* PROBLEM STATEMENT
List all lines of the data that include the string "DASHDOT".

Records from a data collection
######
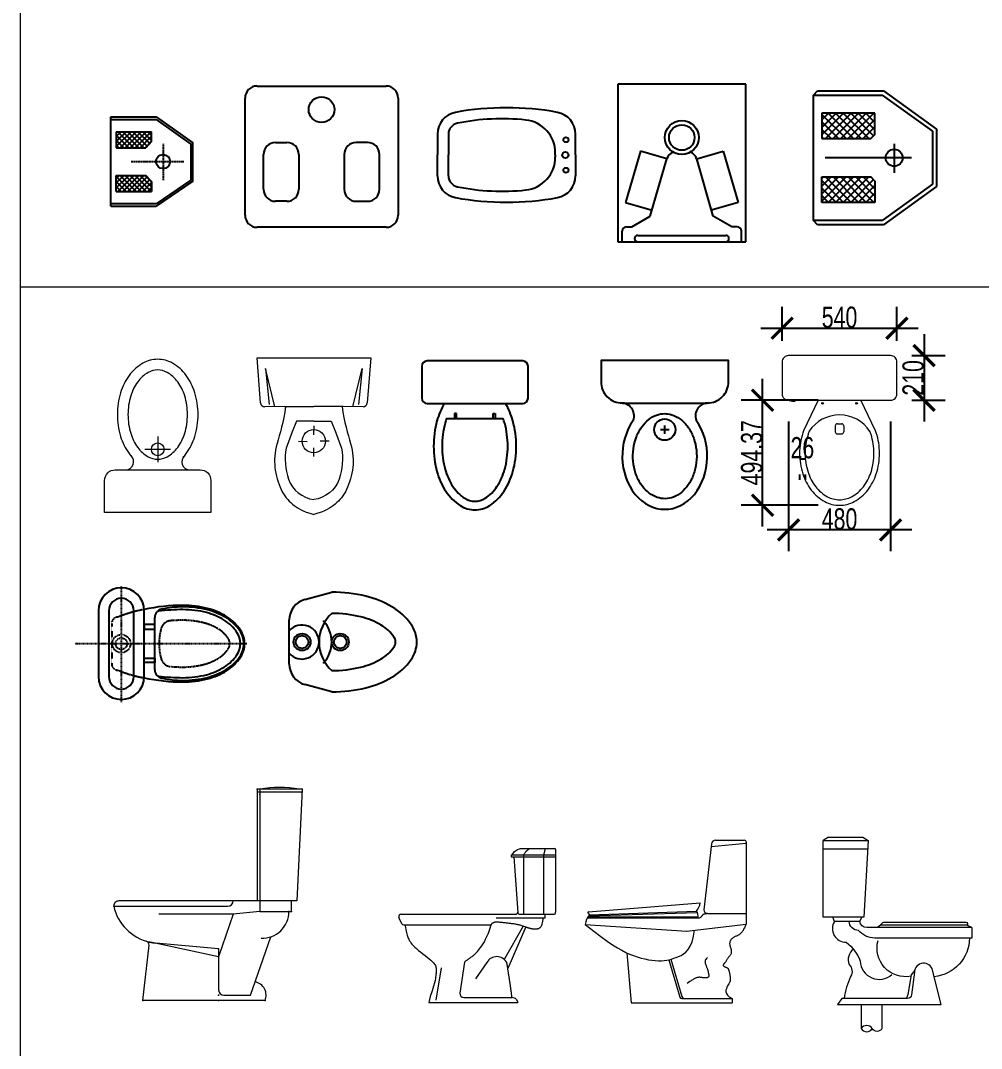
# Model space of a CAD drawing. Header units: inches. Extents: x 242965 to 445791, y 236206 to 423703.
# Drawn here: x 291368 to 295891, y 348362 to 353197 of the extents above; entities that cross this region are included whole.
import ezdxf

# ---------------------------------------------------------------- set-up
doc = ezdxf.new("R2010")
doc.units = ezdxf.units.IN
doc.header["$MEASUREMENT"] = 0
for name, pattern in [('DASHDOT', [1, 0.5, -0.25, 0, -0.25]), ('DASHDOTX2', [2, 1, -0.5, 0, -0.5]), ('HIDDEN', [0.375, 0.25, -0.125]), ('HIDDEN2', [0.1875, 0.125, -0.0625])]:
    doc.linetypes.add(name, pattern=pattern)
doc.layers.add('9', color=251, linetype='Continuous', lineweight=13)
doc.layers.add('e', color=96, linetype='Continuous', lineweight=5)
doc.layers.add('NOITHAT', color=8, linetype='Continuous')
doc.layers.add('THIET-BI', color=21, linetype='Continuous')
doc.styles.add('DIM', font='hoatbif.shx', dxfattribs={"width": 0.75})
doc.dimstyles.new('100', dxfattribs={"dimscale": 0, "dimtxt": 100, "dimasz": 100, "dimexe": 100, "dimexo": 100, "dimgap": 1, "dimtad": 1, "dimzin": 12, "dimdsep": 46, "dimtxsty": 'DIM', "dimblk": 'ARCHTICK', "dimblk1": 'ARCHTICK', "dimblk2": 'OBLIQUE', "dimcen": 0, "dimdle": 100, "dimclrd": 4, "dimclre": 7, "dimclrt": 3, "dimaunit": 3, "dimadec": 0, "dimazin": 3, "dimtfac": 0.004, "dimtix": 1, "dimtmove": 2, "dimatfit": 3, "dimldrblk": 'ARCHTICK', "dimfxl": 1, "dimtolj": 1, "dimtzin": 13, "dimarcsym": 0})

# ---------------------------------------------------------------- blocks, each defined once
blk = doc.blocks.new('A$C69077658')
at = {"layer": 'NOITHAT'}
for p, q in [((0, 420.3), (214.3, 420.3)), ((0, 0), (0, 420.3)), ((0, 408.7), (214.3, 408.7)), ((214.3, 420.3), (386.7, 297.8)), ((214.3, 408.7), (376.6, 291.3)), ((26.1, 350.7), (26.1, 275.4)), ((26.1, 350.7), (192.6, 350.7)), ((26.1, 280.4), (96.4, 350.7)), ((26.1, 304), (72.8, 350.7)), ((26.1, 327.6), (49.2, 350.7)), ((108.6, 275.4), (33.2, 350.7)), ((44.6, 275.4), (119.9, 350.7)), ((132.2, 275.4), (56.8, 350.7)), ((68.2, 275.4), (143.5, 350.7)), ((155.7, 275.4), (80.4, 350.7)), ((91.7, 275.4), (167.1, 350.7)), ((172.4, 282.3), (103.9, 350.7)), ((115.3, 275.4), (190.7, 350.7)), ((183.7, 294.5), (127.5, 350.7)), ((192.6, 309.2), (151.1, 350.7)), ((192.6, 332.8), (174.7, 350.7)), ((192.6, 304.1), (192.6, 350.7)), ((85, 275.4), (26.1, 334.3)), ((61.5, 275.4), (26.1, 310.7)), ((138.9, 275.4), (192.6, 329.1)), ((162.4, 275.4), (192.6, 305.6)), ((192.6, 304.1), (165.9, 275.4)), ((376.6, 291.3), (376.6, 123.2)), ((386.7, 118.1), (386.7, 297.8)), ((37.9, 275.4), (26.1, 287.2)), ((26.1, 275.4), (165.9, 275.4)), ((26.1, 144.9), (165.9, 144.9)), ((26.1, 69.6), (26.1, 144.9)), ((85, 144.9), (26.1, 86)), ((61.5, 144.9), (26.1, 109.5)), ((37.9, 144.9), (26.1, 133.1)), ((26.1, 139.9), (96.4, 69.6)), ((26.1, 116.3), (72.8, 69.6)), ((108.6, 144.9), (33.2, 69.6)), ((44.6, 144.9), (119.9, 69.6)), ((132.2, 144.9), (56.8, 69.6)), ((68.2, 144.9), (143.5, 69.6)), ((155.7, 144.9), (80.4, 69.6)), ((91.7, 144.9), (167.1, 69.6)), ((172.4, 138), (103.9, 69.6)), ((115.3, 144.9), (190.7, 69.6)), ((183.7, 125.8), (127.5, 69.6)), ((138.9, 144.9), (192.6, 91.2)), ((192.6, 111.1), (151.1, 69.6)), ((162.4, 144.9), (192.6, 114.7)), ((192.6, 116.2), (165.9, 144.9)), ((192.6, 116.2), (192.6, 69.6)), ((376.6, 123.2), (214.3, 11.6)), ((386.7, 118.1), (214.3, 0)), ((26.1, 92.7), (49.2, 69.6)), ((26.1, 69.6), (192.6, 69.6)), ((192.6, 87.5), (174.7, 69.6)), ((214.3, 11.6), (0, 11.6)), ((0, 0), (214.3, 0))]:
    blk.add_line(p, q, dxfattribs=at)
at = {"layer": 'NOITHAT', "linetype": 'DASHDOT'}
for p, q in [((247.7, 292.8), (247.7, 123.2)), ((95.6, 210.1), (344.7, 210.1))]:
    blk.add_line(p, q, dxfattribs=at)
at = {"layer": 'NOITHAT'}
blk.add_circle((246.2, 210.1), 33.3, dxfattribs=at)
blk = doc.blocks.new('A$C03D734B4')
at = {"layer": 'NOITHAT', "linetype": 'ByBlock'}
for p, q in [((56.4, 664.6), (663.6, 664.6)), ((0, 56.4), (0, 608.2)), ((720, 608.2), (720, 56.4)), ((143.6, 399.2), (196.9, 399.2)), ((576.4, 399.2), (523.1, 399.2)), ((87.2, 178.7), (87.2, 342.8)), ((253.4, 342.8), (253.4, 178.7)), ((466.6, 342.8), (466.6, 178.7)), ((632.8, 178.7), (632.8, 342.8)), ((196.9, 122.3), (143.6, 122.3)), ((523.1, 122.3), (576.4, 122.3)), ((663.6, 0), (56.4, 0))]:
    blk.add_line(p, q, dxfattribs=at)
blk.add_circle((360, 553.5), 60.6, dxfattribs=at)
for centre, start, end in [((56.4, 608.2), 90, 180), ((663.6, 608.2), 0, 90), ((143.6, 342.8), 90, 180), ((196.9, 342.8), 0, 90), ((523.1, 342.8), 90, 180), ((576.4, 342.8), 0, 90), ((143.6, 178.7), 180, 270), ((196.9, 178.7), 270, 0), ((523.1, 178.7), 180, 270), ((576.4, 178.7), 270, 0), ((56.4, 56.4), 180, 270), ((663.6, 56.4), 270, 0)]:
    blk.add_arc(centre, 56.4, start, end, dxfattribs=at)
blk = doc.blocks.new('A$C69033E8E')
at = {"layer": 'NOITHAT'}
for p, q in [((0, 320.7), (0, 222.4)), ((52, 320.7), (52, 222.4)), ((650, 222.4), (650, 320.7)), ((0, 124.1), (0, 222.4)), ((52, 124.1), (52, 222.4)), ((554.9, 222.4), (554.9, 231.7)), ((554.9, 222.4), (554.9, 213.1)), ((650, 222.4), (650, 124.1))]:
    blk.add_line(p, q, dxfattribs=at)
for centre, radius in [((604.8, 294.1), 11.8), ((602.4, 222.1), 14.5), ((604.8, 150.7), 11.8)]:
    blk.add_circle(centre, radius, dxfattribs=at)
for centre, radius, start, end in [((325, -882.6), 1327.4, 79.5927, 100.4073), ((104, 320.7), 104, 100.4073, 180), ((303.5, -657.2), 1050, 83.87, 101.4735), ((546, 320.7), 104, 0, 79.5927), ((104, 320.7), 52, 100.4073, 180), ((398.9, 231.7), 156, 0, 83.87), ((398.9, 213.1), 156, 276.13, 0), ((104, 124.1), 104, 180, 259.5927), ((104, 124.1), 52, 180, 259.5927), ((546, 124.1), 104, 280.4073, 0), ((303.5, 1102), 1050, 258.5265, 276.13), ((325, 1327.4), 1327.4, 259.5927, 280.4073)]:
    blk.add_arc(centre, radius, start, end, dxfattribs=at)
blk = doc.blocks.new('A$C50F76152')
at = {"layer": 'NOITHAT'}
for p, q in [((601.5, 742.1), (0, 742.1)), ((0, 742.1), (0, 0)), ((601.5, 0), (601.5, 742.1)), ((105.9, 426.5), (35.9, 185)), ((230.8, 390.3), (105.9, 426.5)), ((152.4, 120), (230.8, 390.3)), ((370.8, 390.3), (495.6, 426.5)), ((449.1, 120), (370.8, 390.3)), ((495.6, 426.5), (565.6, 185)), ((35.9, 185), (160.8, 148.8)), ((565.6, 185), (440.8, 148.8)), ((65.8, 70), (152.4, 120)), ((535.7, 70), (449.1, 120)), ((20, 0), (20, 50)), ((40, 70), (65.8, 70)), ((561.5, 70), (535.7, 70)), ((581.5, 0), (581.5, 50)), ((0, 0), (601.5, 0)), ((93.8, 30), (507.7, 30))]:
    blk.add_line(p, q, dxfattribs=at)
for radius in [80, 60]:
    blk.add_circle((300.8, 490.3), radius, dxfattribs=at)
for centre, radius, start, end in [((271.4, 379.6), 42, 103.3463, 165.2612), ((330.1, 379.6), 42, 14.7388, 76.6537), ((40, 50), 20, 90, 180), ((561.5, 50), 20, 0, 90), ((93.8, 15), 15, 90, 270), ((507.7, 15), 15, 270, 90)]:
    blk.add_arc(centre, radius, start, end, dxfattribs=at)
blk = doc.blocks.new('A$C176C45CC')
at = {"layer": 'NOITHAT'}
for p, q in [((0, 610), (20, 630)), ((20, 630), (330, 630)), ((330, 630), (580, 450)), ((0, 610), (323.5, 610)), ((0, 20), (0, 610)), ((323.5, 610), (560, 439.8)), ((71.8, 525), (40, 493.2)), ((40, 525), (40, 405)), ((142.5, 525), (40, 422.5)), ((107.1, 525), (40, 457.9)), ((290, 525), (40, 525)), ((40, 519.3), (154.3, 405)), ((40, 483.9), (118.9, 405)), ((177.8, 525), (57.8, 405)), ((69.6, 525), (189.6, 405)), ((213.2, 525), (93.2, 405)), ((105, 525), (225, 405)), ((248.6, 525), (128.6, 405)), ((140.4, 525), (260.4, 405)), ((283.9, 525), (163.9, 405)), ((175.7, 525), (282.9, 417.9)), ((290, 495.7), (199.3, 405)), ((211.1, 525), (290, 446.1)), ((246.4, 525), (290, 481.4)), ((281.8, 525), (290, 516.8)), ((290, 425), (290, 525)), ((40, 448.6), (83.6, 405)), ((290, 460.4), (234.6, 405)), ((560, 439.8), (560, 190.2)), ((580, 450), (580, 180)), ((40, 413.2), (48.2, 405)), ((40, 405), (270, 405)), ((290, 425), (270, 405)), ((270, 405), (290, 425)), ((380, 379.9), (380, 244.4)), ((461.8, 315), (56.1, 315)), ((40, 216.8), (48.2, 225)), ((40, 225), (270, 225)), ((40, 181.4), (83.6, 225)), ((40, 105), (40, 225)), ((40, 110.7), (154.3, 225)), ((40, 146.1), (118.9, 225)), ((142.5, 105), (40, 207.5)), ((177.8, 105), (57.8, 225)), ((69.6, 105), (189.6, 225)), ((213.2, 105), (93.2, 225)), ((105, 105), (225, 225)), ((248.6, 105), (128.6, 225)), ((140.4, 105), (260.4, 225)), ((283.9, 105), (163.9, 225)), ((175.7, 105), (282.9, 212.1)), ((290, 134.3), (199.3, 225)), ((290, 169.6), (234.6, 225)), ((270, 225), (290, 205)), ((290, 205), (270, 225)), ((290, 205), (290, 105)), ((107.1, 105), (40, 172.1)), ((211.1, 105), (290, 183.9)), ((246.4, 105), (290, 148.6)), ((560, 190.2), (323.5, 20)), ((580, 180), (330, 0)), ((71.8, 105), (40, 136.8)), ((290, 105), (40, 105)), ((281.8, 105), (290, 113.2)), ((20, 0), (0, 20)), ((323.5, 20), (0, 20)), ((330, 0), (20, 0))]:
    blk.add_line(p, q, dxfattribs=at)
blk.add_circle((380, 315), 40, dxfattribs=at)
blk = doc.blocks.new('A$C1A1453BA')
at = {"layer": 'THIET-BI'}
for p, q in [((73.7, 434.6), (200, 469.1)), ((0, 130.9), (0, 338.1)), ((200, 0), (73.7, 34.4))]:
    blk.add_line(p, q, dxfattribs=at)
for centre, radius in [((60, 234.5), 40), ((60, 234.5), 30), ((240, 234.5), 40), ((240, 234.5), 30)]:
    blk.add_circle(centre, radius, dxfattribs=at)
for centre, radius, start, end in [((200, -210.9), 680, 76.3494, 90), ((253.4, 9.1), 453.6, 59.6162, 76.3494), ((100, 338.1), 100, 105.2502, 180), ((334.7, 147.8), 292.8, 35.2399, 59.6162), ((320.8, 234.5), 180.8, 131.9256, 228.0744), ((200, -210.9), 580, 76.3494, 90), ((253.4, 9.1), 353.6, 59.6162, 76.3494), ((60, 234.5), 80, 221.4096, 138.5904), ((55, 234.5), 145, 316.3972, 43.6028), ((334.7, 147.8), 192.8, 35.2399, 59.6162), ((457.6, 234.5), 142.4, 0, 35.2399), ((457.6, 234.5), 42.4, 0, 35.2399), ((334.7, 321.3), 192.8, 300.3838, 324.7601), ((457.6, 234.5), 42.4, 324.7601, 0), ((457.6, 234.5), 142.4, 324.7601, 0), ((253.4, 460), 353.6, 283.6506, 300.3838), ((334.7, 321.3), 292.8, 300.3838, 324.7601), ((100, 130.9), 100, 180, 254.7498), ((200, 680), 580, 270, 283.6506), ((253.4, 460), 453.6, 283.6506, 300.3838), ((200, 680), 680, 270, 283.6506)]:
    blk.add_arc(centre, radius, start, end, dxfattribs=at)
blk = doc.blocks.new('WC-P06')
at = {"color": 0}
for p, q in [((-251.5, -211.4), (-267.5, 0)), ((-267.5, 0), (267.5, 0)), ((267.5, 0), (251.5, -211.4)), ((-184, -229.7), (-227.5, -49.5)), ((-227.5, -49.5), (-210.5, -219.9)), ((184, -229.7), (227.5, -49.5)), ((227.5, -49.5), (210.5, -219.9)), ((-137.5, -229.6), (-231.5, -229.9)), ((-0.6, -320.1), (-0.9, -361.5)), ((-72.3, -392.3), (-30.8, -392.7)), ((0, -464.1), (0.3, -422.6)), ((71.7, -391.8), (30.3, -391.5))]:
    blk.add_line(p, q, dxfattribs=at)
for points in [[(-133.2, -229.5), (-136.7, -255.9), (-141.2, -280.9), (-146.3, -304.5), (-151.8, -326.7), (-157.5, -347.6), (-163.1, -367.3), (-168.3, -385.7), (-173, -403), (-176.9, -419.1), (-180, -434.3), (-182.3, -448.7), (-183.9, -462.5), (-184.7, -475.9), (-184.8, -489.1), (-184.3, -502.2), (-183.1, -515.4), (-181.3, -528.8), (-178.8, -542.4), (-175.9, -556), (-172.4, -569.5), (-168.4, -582.7), (-163.9, -595.4), (-159.1, -607.7), (-153.9, -619.2), (-148.3, -629.9), (-142.4, -639.9), (-136.2, -649.1), (-129.6, -657.8), (-122.8, -665.9), (-115.6, -673.6), (-108.1, -680.9), (-100.3, -688), (-92.2, -694.8), (-83.5, -701.4), (-73.8, -707.7), (-62.8, -713.9), (-50.3, -719.8), (-35.9, -725.5), (-19.2, -731), (0, -736.3)], [(-137.5, -229.6), (0.2, -229)], [(137.5, -229.6), (-0.2, -229)], [(133.2, -229.5), (136.7, -255.9), (141.2, -280.9), (146.3, -304.5), (151.8, -326.7), (157.5, -347.6), (163.1, -367.3), (168.3, -385.7), (173, -403), (176.9, -419.1), (180, -434.3), (182.3, -448.7), (183.9, -462.5), (184.7, -475.9), (184.8, -489.1), (184.3, -502.2), (183.1, -515.4), (181.3, -528.8), (178.8, -542.4), (175.9, -556), (172.4, -569.5), (168.4, -582.7), (163.9, -595.4), (159.1, -607.7), (153.9, -619.2), (148.3, -629.9), (142.4, -639.9), (136.2, -649.1), (129.6, -657.8), (122.8, -665.9), (115.6, -673.6), (108.1, -680.9), (100.3, -688), (92.2, -694.8), (83.5, -701.4), (73.8, -707.7), (62.8, -713.9), (50.3, -719.8), (35.9, -725.5), (19.2, -731), (0, -736.3)], [(231.5, -229.9), (137.5, -229.6)]]:
    blk.add_lwpolyline(points, dxfattribs=at)
for points in [[(-0.3, -297.4), (-81.7, -297.4), (-81.7, -297.4), (-81.7, -297.4), (-101.7, -347.4), (-130.6, -424.1, 0.123686), (-119.3, -571.1, 0.278027), (-0.3, -666.5)], [(0.3, -297.4), (81.7, -297.4), (81.7, -297.4), (81.7, -297.4), (101.7, -347.4), (130.6, -424.1, -0.123686), (119.3, -571.1, -0.278027), (0.3, -666.5)]]:
    blk.add_lwpolyline(points, format="xyb", dxfattribs=at)
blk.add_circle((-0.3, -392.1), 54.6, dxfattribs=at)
######
* RESULT OF THE TASK
for name, pattern in [('DASHDOT', [1, 0.5, -0.25, 0, -0.25]), ('DASHDOTX2', [2, 1, -0.5, 0, -0.5]), ('HIDDEN', [0.375, 0.25, -0.125]), ('HIDDEN2', [0.1875, 0.125, -0.0625])]:
at = {"layer": 'NOITHAT', "linetype": 'DASHDOT'}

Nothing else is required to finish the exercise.